Your goal -> Reproduce, from the lines below, exactly the stretch that begins at the line containing "line L9 (-55, 25) -> (-55, 40)" and ends at the line containing "constraint horizontal L4.start L5.start", both included.

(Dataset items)
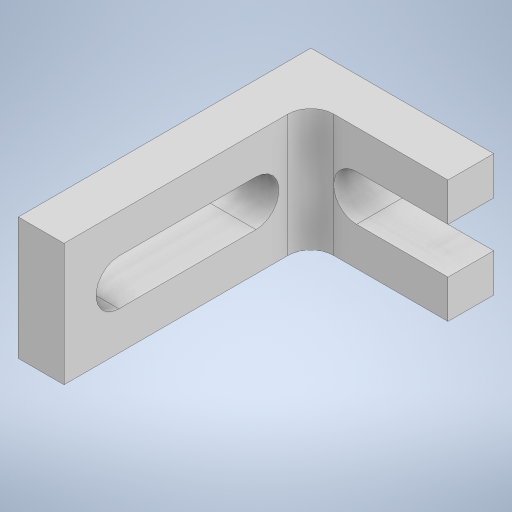
# Autodesk Inventor part: BLKbackplaneBracketMid
Saved by Autodesk Inventor 2023.4 (Build 274418000, 418)
## iProperties
Created: 2024-09-16
Part Number: BLKbackplaneBracketMid
Material: Generic
Document SubType Name: Modeling
Designer: sawtelles
Density: 1 g/cm^3
Appearance: Default
Author: sawtelles
Autodesk Inventor part; units mm, degrees
ref_plane "YZ Plane" through (0, 0, 0) normal (1, 0, 0) x (0, 1, 0)
ref_plane "XZ Plane" through (0, 0, 0) normal (0, 1, 0) x (-1, 0, 0)
ref_plane "XY Plane" through (0, 0, 0) normal (0, 0, 1) x (1, 0, 0)
sketch "Sketch1" plane through (0, 0, 0) normal (0, 0, 1) x (1, 0, 0)
  line L0 (0, 0) -> (50.8, 0)
  line L1 (50.8, 0) -> (50.8, 19.05)
  line L2 (50.8, 19.05) -> (0, 19.05)
  line L3 (0, 19.05) -> (0, 0)
  dimension "d0" = 50.8
  dimension "d1" = 19.05
  constraints: 8 end point, 2 parallel, 1 horizontal, 1 perpendicular
  measures "d0" distance of L2.end L1.end
  measures "d1" distance of L1.end L0.end
extrude "Extrusion1" add sketch "Sketch1" along normal blind 6.35
sketch "Sketch2" plane through (0, 0, 6.35) normal (0, 0, 1) x (1, 0, 0)
  line L0 (0, 19.05) -> (0, 0) projected
  line L1 (50.8, 19.05) -> (0, 19.05) projected
  line L2 (0, 0) -> (6.35, 0)
  line L3 (6.35, 0) -> (6.35, 19.05)
  line L4 (6.35, 19.05) -> (0, 19.05)
  line L5 (0, 19.05) -> (0, 0)
  dimension "d4" = 6.35
  constraints: 8 end point, 2 parallel, 1 horizontal, 1 perpendicular, 1 point on line
  measures "d4" distance of L4.end L3.end
extrude "Extrusion2" add sketch "Sketch2" along normal blind 34.29
sketch "Sketch3" plane through (6.35, 0, 6.35) normal (1, 0, 0) x (0, 0, -1)
  line L0 (-26.67, 9.525) -> (-7.62, 9.525) construction
  line L1 (-26.67, 6.35) -> (-7.62, 6.35)
  line L2 (-7.62, 12.7) -> (-26.67, 12.7)
  arc A0 (-26.67, 12.7) -> (-26.67, 6.35) centre (-26.67, 9.525) ccw
  arc A1 (-7.62, 6.35) -> (-7.62, 12.7) centre (-7.62, 9.525) ccw
  point P0 (6.35, 0)
  point P1 (-17.145, 9.525)
  dimension "d7" = 9.525
  dimension "d8" = 6.35
  constraints: 8 end point, 4 point on circle, 4 tangent, 2 centre point, 1 horizontal, 1 midpoint, 1 parallel
  measures "d7" distance of point (-17.145, 9.525) L0.end
  measures "d8" diameter of A1
extrude "Extrusion3" cut sketch "Sketch3" against normal blind 34.29
sketch "Sketch4" plane through (0, 0, 6.35) normal (0, 0, 1) x (1, 0, 0)
  line L0 (44.45, 9.525) -> (12.7, 9.525) construction
  line L1 (44.45, 12.7) -> (12.7, 12.7)
  line L2 (12.7, 6.35) -> (44.45, 6.35)
  arc A0 (44.45, 6.35) -> (44.45, 12.7) centre (44.45, 9.525) ccw
  arc A1 (12.7, 12.7) -> (12.7, 6.35) centre (12.7, 9.525) ccw
  point P0 (0, 0)
  point P1 (28.575, 9.525)
  dimension "d11" = 15.875
  dimension "d12" = 6.35
  constraints: 8 end point, 4 point on circle, 4 tangent, 2 centre point, 1 horizontal, 1 midpoint, 1 parallel
  measures "d11" distance of point (28.575, 9.525) L0.end
  measures "d12" diameter of A1
extrude "Extrusion4" cut sketch "Sketch4" against normal blind 34.29
fillet "Fillet1" radius 3.175 1 edges at (6.35, 9.525, 6.35)
sketch "Sketch5" plane through (50.8, 0, 0) normal (1, 0, 0) x (0, 0, -1)
  line L0 (0, 19.05) -> (-40.64, 19.05) projected
  line L1 (0, 19.05) -> (-41.8279, 19.05)
  line L2 (-41.8279, 19.05) -> (-41.8279, 18.0326)
  line L3 (-41.8279, 18.0326) -> (0, 18.0326)
  line L4 (0, 18.0326) -> (0, 19.05)
  line L5 (0, 19.05) -> (0, 0) projected
  line L6 (-40.64, 0) -> (-40.64, 19.05) projected
  line L7 (0, 0) -> (-40.64, 0)
  line L8 (-40.64, 0) -> (-40.64, 1.0192)
  line L9 (-40.64, 1.0192) -> (0, 1.0192)
  line L10 (0, 1.0192) -> (0, 0)
  constraints: 16 end point, 4 parallel, 2 horizontal, 2 perpendicular, 1 point on line
extrude "Extrusion5" cut sketch "Sketch5" against normal through all contours L4 L3 L6 L0 | L6 L3 L2 L1 | L5 L7 L6 L9
sketch "Sketch6" plane through (0, 0, 0) normal (0, 0, -1) x (-1, 0, 0)
  line L0 (-50.8, 18.0326) -> (-9.525, 18.0326) projected
  line L1 (-25.4, 18.0326) -> (-61.3669, 18.0326)
  line L2 (-61.3669, 18.0326) -> (-61.3669, -3.7914)
  line L3 (-61.3669, -3.7914) -> (-25.4, -3.7914)
  line L4 (-25.4, -3.7914) -> (-25.4, 18.0326)
  point P0 (0, 0)
  constraints: 8 end point, 2 parallel, 1 horizontal, 1 perpendicular, 1 point on line
extrude "Extrusion6" cut sketch "Sketch6" against normal through all
body "Solid1"
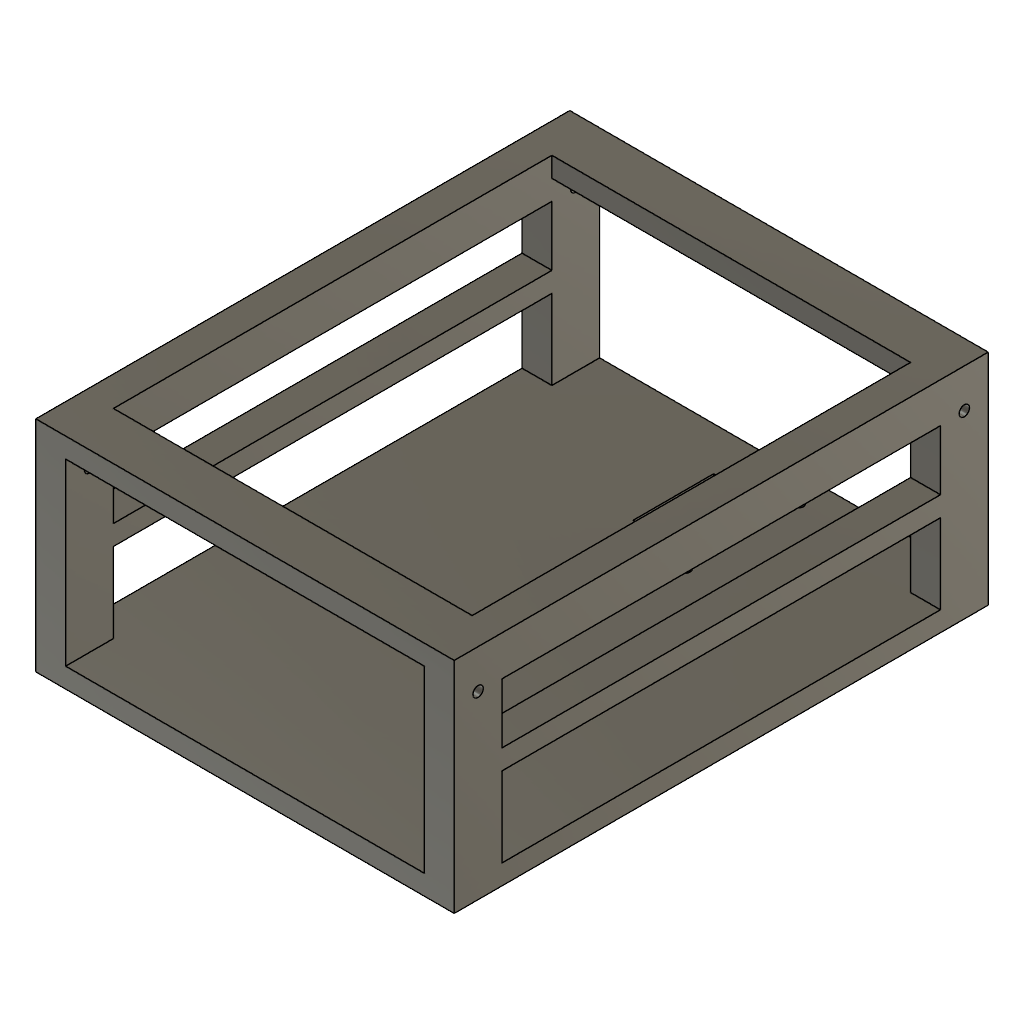
Upper_Card_Drop_Case (Autodesk Fusion 360 design; units mm, degrees)
Autodesk Fusion 360 part; units mm, degrees
sketch "Çizim1" plane through (0, 0, 0) normal (0, 0, 1) x (1, 0, 0)
  line L0 (52.5, 65) -> (-52.5, 65)
  line L1 (-52.5, 65) -> (-52.5, -65)
  line L2 (-52.5, -65) -> (52.5, -65)
  line L3 (52.5, -65) -> (52.5, 65)
  line L4 (52.5, 65) -> (-52.5, -65) construction
  line L5 (-52.5, 65) -> (52.5, -65) construction
  dimension "d1" = 105
  dimension "d2" = 130
  constraint horizontal L0
  constraint perpendicular L0 L1
  constraint parallel L0 L2
  constraint parallel L1 L3
  constraint coincident L4 origin
  constraint coincident L5 origin
  measures "d1" distance of L1.end L2.end
  measures "d2" distance of L0.end L1.end
extrude "Ekstrüzyon1" add sketch "Çizim1" against normal blind 5
sketch "Çizim2" plane through (0, 0, 0) normal (0, 0, 1) x (-1, 0, 0)
  line L0 (-52.5, 65) -> (-52.5, -65)
  line L1 (-52.5, -65) -> (52.5, -65)
  line L2 (52.5, -65) -> (52.5, 65)
  line L3 (52.5, 65) -> (-52.5, 65)
  line L4 (47.5, 60) -> (-47.5, 60)
  line L5 (-47.5, 60) -> (-47.5, -60)
  line L6 (-47.5, -60) -> (47.5, -60)
  line L7 (47.5, -60) -> (47.5, 60)
  dimension "d5" = -5
extrude "Ekstrüzyon2" add sketch "Çizim2" along normal blind 30
extrude "Ekstrüzyon3" add 1 faces at (-47.5, 20, 10) along direction (1, 0, 0) blind 2.5
extrude "Ekstrüzyon4" add 1 faces at (47.5, -20, 10) along direction (-1, 0, 0) blind 2.5
extrude "Ekstrüzyon5" add 1 faces at (-50, 20, 30) along direction (0, 0, 1) blind 20
extrude "Ekstrüzyon6" add 1 faces at (-17.5, -65, 13.3333) along direction (0, -1, 0) blind 2
extrude "Ekstrüzyon7" add 1 faces at (-17.5, 65, 31.6667) along direction (0, 1, 0) blind 2
sketch "Çizim4" plane through (52.5, 0, 0) normal (1, 0, 0) x (0, 1, 0)
  line L0 (-67, -5) -> (67, -5)
  line L1 (67, -5) -> (67, 50)
  line L2 (67, 50) -> (-67, 50)
  line L3 (-67, 50) -> (-67, -5)
  circle A0 centre (-61, 40.25) radius 1.3
  line L4 (0, 50) -> (0, -5)
  circle A1 centre (61, 40.25) radius 1.3
  dimension "d18" = 2.6
  dimension "d19" = 9.75
  dimension "d20" = 6
  constraint midpoint L2 L4.start
  constraint midpoint L0 L4.end
  constraint symmetric A0 L4 A1
  measures "d18" diameter of A0
  measures "d19" distance of L2 A0.centre
  measures "d20" distance of L3 A0.centre
extrude "Ekstrüzyon8" cut sketch "Çizim4" against normal blind 7.5 contours A0 | A1
extrude "Ekstrüzyon9" add 1 faces at (-15, 60, 29.8064) along direction (0, -1, 0) blind 5
extrude "Ekstrüzyon10" add 1 faces at (-15, -60, 29.8064) along direction (0, 1, 0) blind 5
mirror "Ayna1" about plane through (0, 0, 0) normal (1, 0, 0) of "Ekstrüzyon8"
sketch "Çizim5" plane through (-52.5, 0, 0) normal (-1, 0, 0) x (0, -1, 0)
  circle A0 centre (61, 40.25) radius 1.3
  circle A1 centre (-61, 40.25) radius 1.3
  line L0 (-67, -5) -> (67, -5)
  line L1 (67, -5) -> (67, 50)
  line L2 (67, 50) -> (-67, 50)
  line L3 (-67, 50) -> (-67, -5)
  line L4 (-55, 40) -> (-55, 25)
  line L5 (55, 40) -> (55, 25)
  line L6 (-55, 40) -> (55, 40)
  line L7 (55, 40) -> (55, 25)
  line L8 (55, 25) -> (-55, 25)
  line L9 (-55, 25) -> (-55, 40)
  dimension "d29" = 12
  dimension "d30" = 15
  dimension "d31" = 15
  dimension "d32" = 12
  dimension "d33" = 10
  constraint vertical L4
  constraint perpendicular L2 L5
  constraint horizontal L4.start L5.start
  constraint horizontal L6
  constraint vertical L7
  constraint horizontal L8
  constraint vertical L9
  measures "d29" distance of L3 L4
  measures "d30" distance of L4.start L4.end
  measures "d31" distance of L5.start L5.end
  measures "d32" distance of L1 L5
  measures "d33" distance of L2 L4.start
extrude "Ekstrüzyon11" cut sketch "Çizim5" against normal blind 105 contours L4 L5 L6 L7 L8 L9
sketch "Çizim6" plane through (-52.5, 0, 0) normal (-1, 0, 0) x (0, -1, 0)
  line L0 (55, 40) -> (55, 25)
  line L1 (55, 25) -> (-55, 25)
  line L2 (-55, 25) -> (-55, 40)
  line L3 (-55, 40) -> (55, 40)
  circle A0 centre (61, 40.25) radius 1.3
  circle A1 centre (-61, 40.25) radius 1.3
  line L4 (-67, -5) -> (67, -5)
  line L5 (67, -5) -> (67, 50)
  line L6 (67, 50) -> (-67, 50)
  line L7 (-67, 50) -> (-67, -5)
  line L8 (55, 25) -> (55, -5)
  line L9 (-55, 25) -> (-55, -5)
  line L10 (-55, 10) -> (55, 10)
  line L11 (-55, 20) -> (55, 20)
  line L12 (55, 20) -> (55, 0)
  line L13 (55, 0) -> (-55, 0)
  line L14 (-55, 0) -> (-55, 20)
  constraint coincident L0.end L1.start
  constraint perpendicular L1 L8
  constraint coincident L1.end L2.start
  constraint coincident L4 L9.end
  constraint perpendicular L4 L9
  constraint midpoint L9 L10.start
  constraint midpoint L8 L10.end
  constraint horizontal L11
  constraint vertical L12
  constraint horizontal L13
  constraint vertical L14
  constraint coincident L8 L12.end
  constraint coincident L9 L11.start
extrude "Ekstrüzyon12" cut sketch "Çizim6" against normal blind 105 contours L8 L9 L10 L11 L12 L14 | L8 L9 L10 L12 L13 L14
sketch "Çizim7" plane through (0, 67, 0) normal (0, 1, 0) x (-1, 0, 0)
  line L0 (-52.5, 50) -> (-52.5, -5)
  line L1 (-52.5, -5) -> (52.5, -5)
  line L2 (52.5, -5) -> (52.5, 50)
  line L3 (52.5, 50) -> (-52.5, 50)
  line L4 (-45, 50) -> (-45, -5)
  line L5 (45, 50) -> (45, -5)
  line L6 (-45, 45) -> (45, 45)
  line L7 (45, 45) -> (45, 0)
  line L8 (45, 0) -> (-45, 0)
  line L9 (-45, 0) -> (-45, 45)
  dimension "d38" = 7.5
  dimension "d39" = 7.5
  constraint coincident L3 L4.start
  constraint coincident L1 L4.end
  constraint perpendicular L1 L4
  constraint coincident L3 L5.start
  constraint coincident L1 L5.end
  constraint perpendicular L1 L5
  constraint horizontal L6
  constraint vertical L7
  constraint horizontal L8
  constraint vertical L9
  constraint coincident L5 L7.end
  constraint coincident L4 L6.start
  measures "d38" distance of L0 L4
  measures "d39" distance of L2 L5
extrude "Ekstrüzyon13" cut sketch "Çizim7" against normal blind 134 contours L4 L5 L6 L7 L8 L9
sketch "Çizim8" plane through (0, 0, -5) normal (0, 0, -1) x (1, 0, 0)
  line L0 (52.5, -67) -> (52.5, 67)
  line L1 (52.5, 67) -> (-52.5, 67)
  line L2 (-52.5, 67) -> (-52.5, -67)
  line L3 (-52.5, -67) -> (52.5, -67)
  line L4 (5.5, -35.9) -> (-5.5, -35.9)
  line L5 (-5.5, -35.9) -> (-5.5, -56.1)
  line L6 (-5.5, -56.1) -> (5.5, -56.1)
  line L7 (5.5, -56.1) -> (5.5, -35.9)
  line L8 (0, -35.9) -> (0, -56.1)
  circle A0 centre (11.6, -31.8) radius 1.3
  circle A1 centre (11.6, -60.2) radius 1.3
  line L9 (11.6, -31.8) -> (11.6, -33.1)
  line L10 (11.6, -31.8) -> (11.6, -33.1)
  line L11 (11.6, -58.9) -> (11.6, -60.2)
  line L12 (11.6, -31.8) -> (11.6, -60.2)
  line L13 (11.6, -46) -> (5.5, -46)
  point P0 (5.5, -46)
  dimension "d42" = 11
  dimension "d43" = 20.2
  dimension "d44" = 10.9
  dimension "d45" = 28.4
  dimension "d46" = 2.6
  dimension "d47" = 2.6
  dimension "d48" = 6.1
  constraint horizontal L4
  constraint vertical L5
  constraint horizontal L6
  constraint vertical L7
  constraint midpoint L4 L8.start
  constraint midpoint L6 L8.end
  constraint coincident origin L8
  constraint vertical L10
  constraint midpoint L7 P0
  constraint coincident A0.centre L9.start
  constraint coincident A1.centre L11.end
  constraint coincident A0 L9.end
  constraint coincident A1 L11.start
  constraint collinear L10 L11
  constraint midpoint L12 L13.start
  constraint coincident P0 L13.end
  constraint parallel L4 L13
  measures "d42" distance of L4.start L4.end
  measures "d43" distance of L4.start L6.end
  measures "d44" distance of L3 L6
  measures "d45" distance of A0.centre A1.centre
  measures "d46" diameter of A0
  measures "d47" diameter of A1
  measures "d48" distance of L7 L10
extrude "Ekstrüzyon14" cut sketch "Çizim8" against normal blind 5 contours L4 L6 L7 L8 | L4 L5 L6 L8 | A0 | A1

Response for this exercise ->
  line L9 (-55, 25) -> (-55, 40)
  dimension "d29" = 12
  dimension "d30" = 15
  dimension "d31" = 15
  dimension "d32" = 12
  dimension "d33" = 10
  constraint vertical L4
  constraint perpendicular L2 L5
  constraint horizontal L4.start L5.start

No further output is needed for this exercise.